The UK poultry industry is experiencing severe socio-economic damage and threats from high pathogenicity avian influenza viruses (HPAIVs) H5Nx of clade 2.3.4.4. These viruses pose zoonotic infections risks. The rapid evolution of these viruses is modulating their biological behaviour (epidemiology, host-range, transmission, and pathogenesis) in different avian species. To determine potential risks and improve controls against these emerging and re-emerging viruses requires a comprehensive knowledge base about the nature of prevailing viruses, and an integrated cross-disciplinary approach to studying virus ecology and epidemiology based on understanding virus/host interactions, and the genetic determinants of virulence, transmissibility and antigenicity in wild birds/poultry.

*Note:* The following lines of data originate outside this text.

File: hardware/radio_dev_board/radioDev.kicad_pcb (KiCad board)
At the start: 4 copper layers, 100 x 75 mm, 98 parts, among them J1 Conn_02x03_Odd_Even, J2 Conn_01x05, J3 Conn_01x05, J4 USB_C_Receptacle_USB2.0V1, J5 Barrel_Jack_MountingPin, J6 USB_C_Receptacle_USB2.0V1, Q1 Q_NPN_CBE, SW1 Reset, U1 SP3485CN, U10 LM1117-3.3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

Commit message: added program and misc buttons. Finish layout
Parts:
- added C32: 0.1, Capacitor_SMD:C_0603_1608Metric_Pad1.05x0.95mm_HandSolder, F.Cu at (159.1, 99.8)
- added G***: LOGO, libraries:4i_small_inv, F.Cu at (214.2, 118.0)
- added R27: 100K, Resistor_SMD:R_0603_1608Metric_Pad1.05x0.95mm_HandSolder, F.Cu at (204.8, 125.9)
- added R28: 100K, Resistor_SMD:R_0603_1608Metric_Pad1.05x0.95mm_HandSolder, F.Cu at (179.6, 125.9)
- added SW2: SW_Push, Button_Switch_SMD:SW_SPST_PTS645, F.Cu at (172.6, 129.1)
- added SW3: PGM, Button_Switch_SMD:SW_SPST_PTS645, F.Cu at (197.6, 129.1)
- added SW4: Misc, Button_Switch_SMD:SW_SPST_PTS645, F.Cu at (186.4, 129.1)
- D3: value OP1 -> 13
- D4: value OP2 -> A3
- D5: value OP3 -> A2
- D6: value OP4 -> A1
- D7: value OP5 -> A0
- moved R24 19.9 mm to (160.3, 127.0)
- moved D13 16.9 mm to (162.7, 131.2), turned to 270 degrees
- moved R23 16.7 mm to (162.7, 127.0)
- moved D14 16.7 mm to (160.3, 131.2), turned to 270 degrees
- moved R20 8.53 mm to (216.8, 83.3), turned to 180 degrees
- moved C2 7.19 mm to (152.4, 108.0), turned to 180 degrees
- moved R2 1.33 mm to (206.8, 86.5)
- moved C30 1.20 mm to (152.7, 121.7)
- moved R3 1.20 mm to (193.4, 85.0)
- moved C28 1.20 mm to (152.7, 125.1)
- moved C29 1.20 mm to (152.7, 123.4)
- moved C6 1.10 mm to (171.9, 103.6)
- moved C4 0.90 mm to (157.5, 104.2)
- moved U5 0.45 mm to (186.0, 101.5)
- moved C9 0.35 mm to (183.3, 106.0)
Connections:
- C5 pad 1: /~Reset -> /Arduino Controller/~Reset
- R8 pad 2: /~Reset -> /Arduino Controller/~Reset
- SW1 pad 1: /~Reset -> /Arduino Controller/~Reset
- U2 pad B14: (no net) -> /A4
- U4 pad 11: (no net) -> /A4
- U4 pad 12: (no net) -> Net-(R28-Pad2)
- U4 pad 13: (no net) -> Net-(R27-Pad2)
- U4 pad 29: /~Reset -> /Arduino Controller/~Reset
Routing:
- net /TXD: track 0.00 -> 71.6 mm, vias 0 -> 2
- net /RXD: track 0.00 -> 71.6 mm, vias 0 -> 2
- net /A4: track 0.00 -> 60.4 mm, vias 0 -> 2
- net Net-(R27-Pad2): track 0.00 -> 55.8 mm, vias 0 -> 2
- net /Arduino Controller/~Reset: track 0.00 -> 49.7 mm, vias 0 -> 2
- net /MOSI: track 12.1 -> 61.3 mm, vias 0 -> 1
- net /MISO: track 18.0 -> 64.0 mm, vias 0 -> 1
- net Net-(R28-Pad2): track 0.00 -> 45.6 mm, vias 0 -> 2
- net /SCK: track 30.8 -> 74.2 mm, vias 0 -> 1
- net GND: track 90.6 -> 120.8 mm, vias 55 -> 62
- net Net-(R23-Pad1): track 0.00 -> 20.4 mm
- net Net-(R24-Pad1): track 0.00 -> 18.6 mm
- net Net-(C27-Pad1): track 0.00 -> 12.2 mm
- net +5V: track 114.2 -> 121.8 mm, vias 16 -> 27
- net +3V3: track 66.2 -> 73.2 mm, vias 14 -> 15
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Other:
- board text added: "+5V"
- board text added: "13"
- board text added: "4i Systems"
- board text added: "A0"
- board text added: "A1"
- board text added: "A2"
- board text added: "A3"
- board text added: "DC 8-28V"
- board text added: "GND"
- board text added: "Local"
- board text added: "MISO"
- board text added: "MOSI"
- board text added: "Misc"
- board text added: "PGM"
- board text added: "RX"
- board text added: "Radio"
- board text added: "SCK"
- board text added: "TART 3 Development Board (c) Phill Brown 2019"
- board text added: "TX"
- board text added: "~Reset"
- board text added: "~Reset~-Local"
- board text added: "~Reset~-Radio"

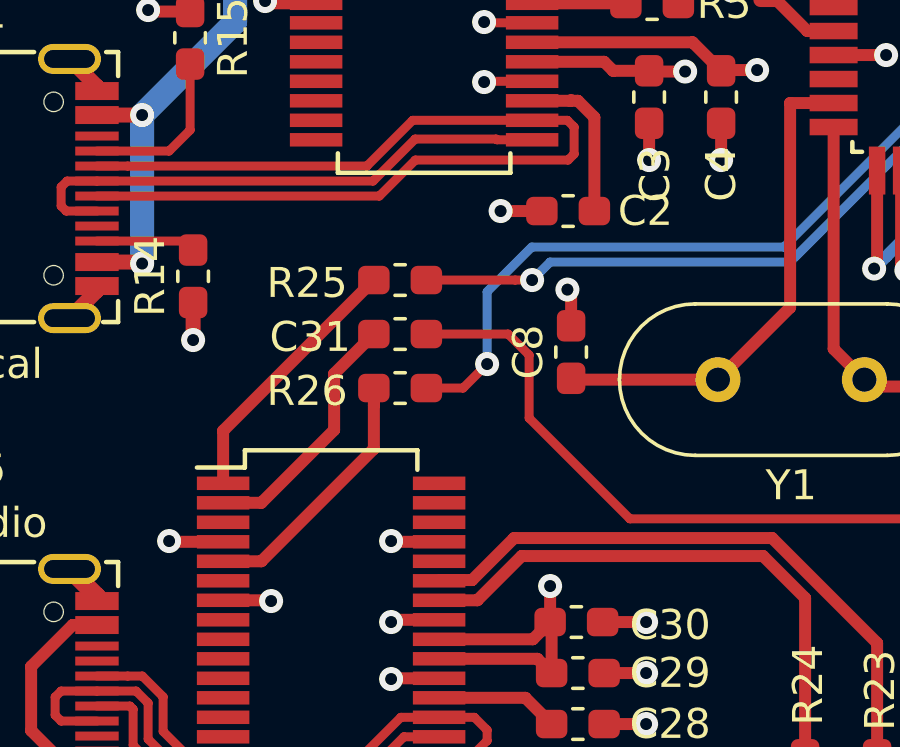
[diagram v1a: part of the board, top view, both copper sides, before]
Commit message: radio hub board started
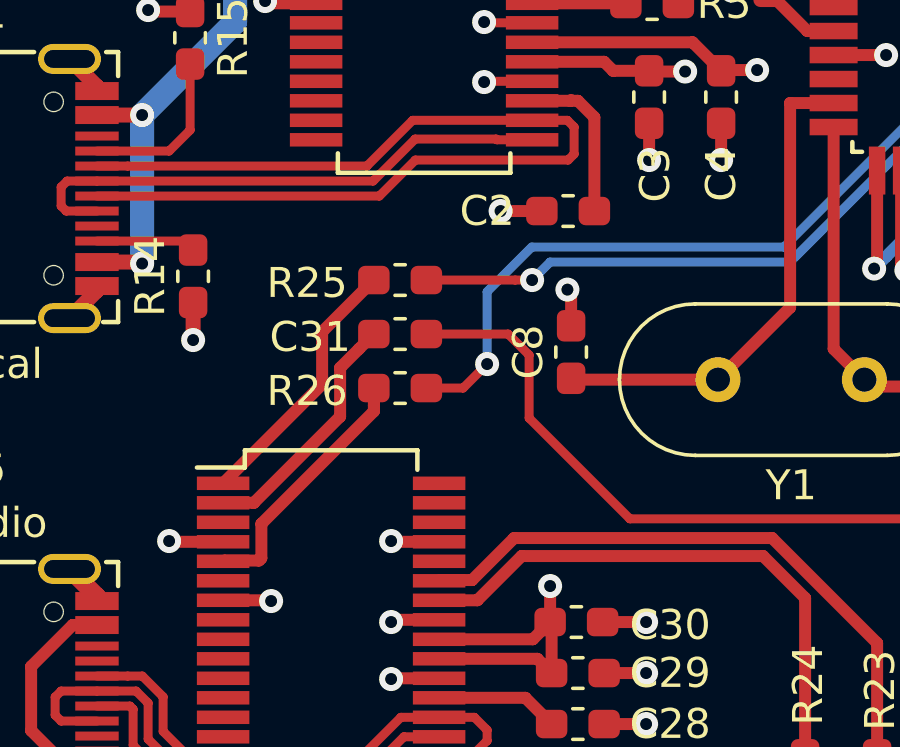
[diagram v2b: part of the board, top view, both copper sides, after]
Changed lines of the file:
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@@
-(kicad_pcb (version 20171130) (host pcbnew 5.1.4+dfsg1-2)
+(kicad_pcb (version 20171130) (host pcbnew 5.1.5+dfsg1-2)
   (general
     (thickness 1)
     (drawings 26)
-    (tracks 1005)
+    (tracks 1011)
     (zones 0)
     (modules 105)
@@
   )
   (setup
-    (last_trace_width 0.4)
+    (last_trace_width 0.25)
     (user_trace_width 0.2)
     (user_trace_width 0.3)
@@
       (outputformat 1)
       (mirror false)
-      (drillshape 1)
+      (drillshape 0)
       (scaleselection 1)
-      (outputdirectory ""))
+      (outputdirectory "eng/"))
   )
   (net 0 "")
@@
     (tags "capacitor handsolder")
     (attr smd)
-    (fp_text reference C2 (at -2.575 0) (layer F.SilkS)
+    (fp_text reference C2 (at 2.7 0) (layer F.SilkS)
       (effects (font (size 1 1) (thickness 0.15)))
     )
@@
   (segment (start 150.975 124.225) (end 151.85 125.1) (width 0.4) (layer F.Cu) (net 72))
   (segment (start 148.1 124.225) (end 150.975 124.225) (width 0.4) (layer F.Cu) (net 72))
-  (segment (start 142.175 117.725) (end 144.6 115.3) (width 0.4) (layer F.Cu) (net 73))
-  (segment (start 140.9 117.725) (end 142.175 117.725) (width 0.4) (layer F.Cu) (net 73))
-  (segment (start 144.6 113.425) (end 145.925 112.1) (width 0.4) (layer F.Cu) (net 73))
-  (segment (start 144.6 115.3) (end 144.6 113.425) (width 0.4) (layer F.Cu) (net 73))
+  (segment (start 141.926458 117.725) (end 144.800011 114.851447) (width 0.4) (layer F.Cu) (net 73))
+  (segment (start 144.800011 113.224989) (end 145.425928 112.599072) (width 0.4) (layer F.Cu) (net 73))
+  (segment (start 144.800011 114.851447) (end 144.800011 113.224989) (width 0.4) (layer F.Cu) (net 73))
+  (segment (start 145.425928 112.599072) (end 145.925 112.1) (width 0.4) (layer F.Cu) (net 73))
+  (segment (start 140.9 117.725) (end 141.926458 117.725) (width 0.4) (layer F.Cu) (net 73))
   (segment (start 192.3 119.6) (end 192.3 117.2) (width 0.4) (layer F.Cu) (net 74))
   (segment (start 186.597096 114.200011) (end 188.150011 114.200011) (width 0.4) (layer F.Cu) (net 75))
@@
   (segment (start 160.3 120.9) (end 160.3 126.125) (width 0.4) (layer F.Cu) (net 84))
   (segment (start 158.9 119.5) (end 160.3 120.9) (width 0.4) (layer F.Cu) (net 84))
-  (segment (start 140.9 115.325) (end 145.925 110.3) (width 0.4) (layer F.Cu) (net 85))
-  (segment (start 140.9 117.075) (end 140.9 115.325) (width 0.4) (layer F.Cu) (net 85))
+  (segment (start 144.2 113.775) (end 144.2 112.025) (width 0.4) (layer F.Cu) (net 85))
+  (segment (start 144.2 112.025) (end 145.925 110.3) (width 0.4) (layer F.Cu) (net 85))
+  (segment (start 140.9 117.075) (end 144.2 113.775) (width 0.4) (layer F.Cu) (net 85))
   (via (at 151.2 110.3) (size 0.8) (drill 0.4) (layers F.Cu B.Cu) (net 86))
   (segment (start 150.634315 110.3) (end 147.675 110.3) (width 0.3) (layer F.Cu) (net 86))
@@
   (segment (start 168.014795 95.480196) (end 168.014795 96.045881) (width 0.3) (layer F.Cu) (net 86))
   (segment (start 200 87) (end 196.114244 87) (width 0.3) (layer F.Cu) (net 86))
-  (segment (start 145.925 115.925) (end 145.925 114.475) (width 0.4) (layer F.Cu) (net 87))
+  (segment (start 145.925 114.675) (end 145.925 114.475) (width 0.4) (layer F.Cu) (net 87))
+  (segment (start 140.925 119.675) (end 140.949999 119.650001) (width 0.4) (layer F.Cu) (net 87))
   (segment (start 145.925 114.475) (end 145.925 113.9) (width 0.4) (layer F.Cu) (net 87))
-  (segment (start 142.175 119.675) (end 145.925 115.925) (width 0.4) (layer F.Cu) (net 87))
-  (segment (start 140.9 119.675) (end 142.175 119.675) (width 0.4) (layer F.Cu) (net 87))
+  (segment (start 140.9 119.675) (end 140.925 119.675) (width 0.4) (layer F.Cu) (net 87))
+  (segment (start 140.949999 119.650001) (end 142.095001 119.650001) (width 0.4) (layer F.Cu) (net 87))
+  (segment (start 142.095001 119.650001) (end 142.175001 119.570001) (width 0.4) (layer F.Cu) (net 87))
+  (segment (start 142.175001 119.570001) (end 142.175001 118.424999) (width 0.4) (layer F.Cu) (net 87))
+  (segment (start 142.175001 118.424999) (end 145.925 114.675) (width 0.4) (layer F.Cu) (net 87))
   (via (at 149.7 113.1) (size 0.8) (drill 0.4) (layers F.Cu B.Cu) (net 88))
   (segment (start 149.7 113.1) (end 148.9 113.9) (width 0.3) (layer F.Cu) (net 88))

This project will investigate how contemporary H5Nx HPAIVs acquire adaptive changes to increase fitness within domestic and wild avian populations. We will define viral and host factors that potentially contribute to increased transmissibility, persistence, and pathogenicity in wild birds and those that enhance their potential to disseminate and manifest disease in poultry. Evolutionary changes drive virological, immunological and zoonotic infection potential of these viruses therefore, our understanding of environmental and molecular correlates required or associated with successful evolution, immune escape, dissemination and maintenance of HPAIVs via migratory populations of wild birds will be developed. Furthermore, we will define molecular markers for successful interspecies transmission and fitness in poultry with severe clinical outcomes. The will provide insights for assessing threats from new and emerging strains, enabling national and international agencies to design and execute contingencies as part of risk mitigation and disease control. This will provide vital information when considering how to invest scarce resources for surveillance design aimed at early warning of the threat.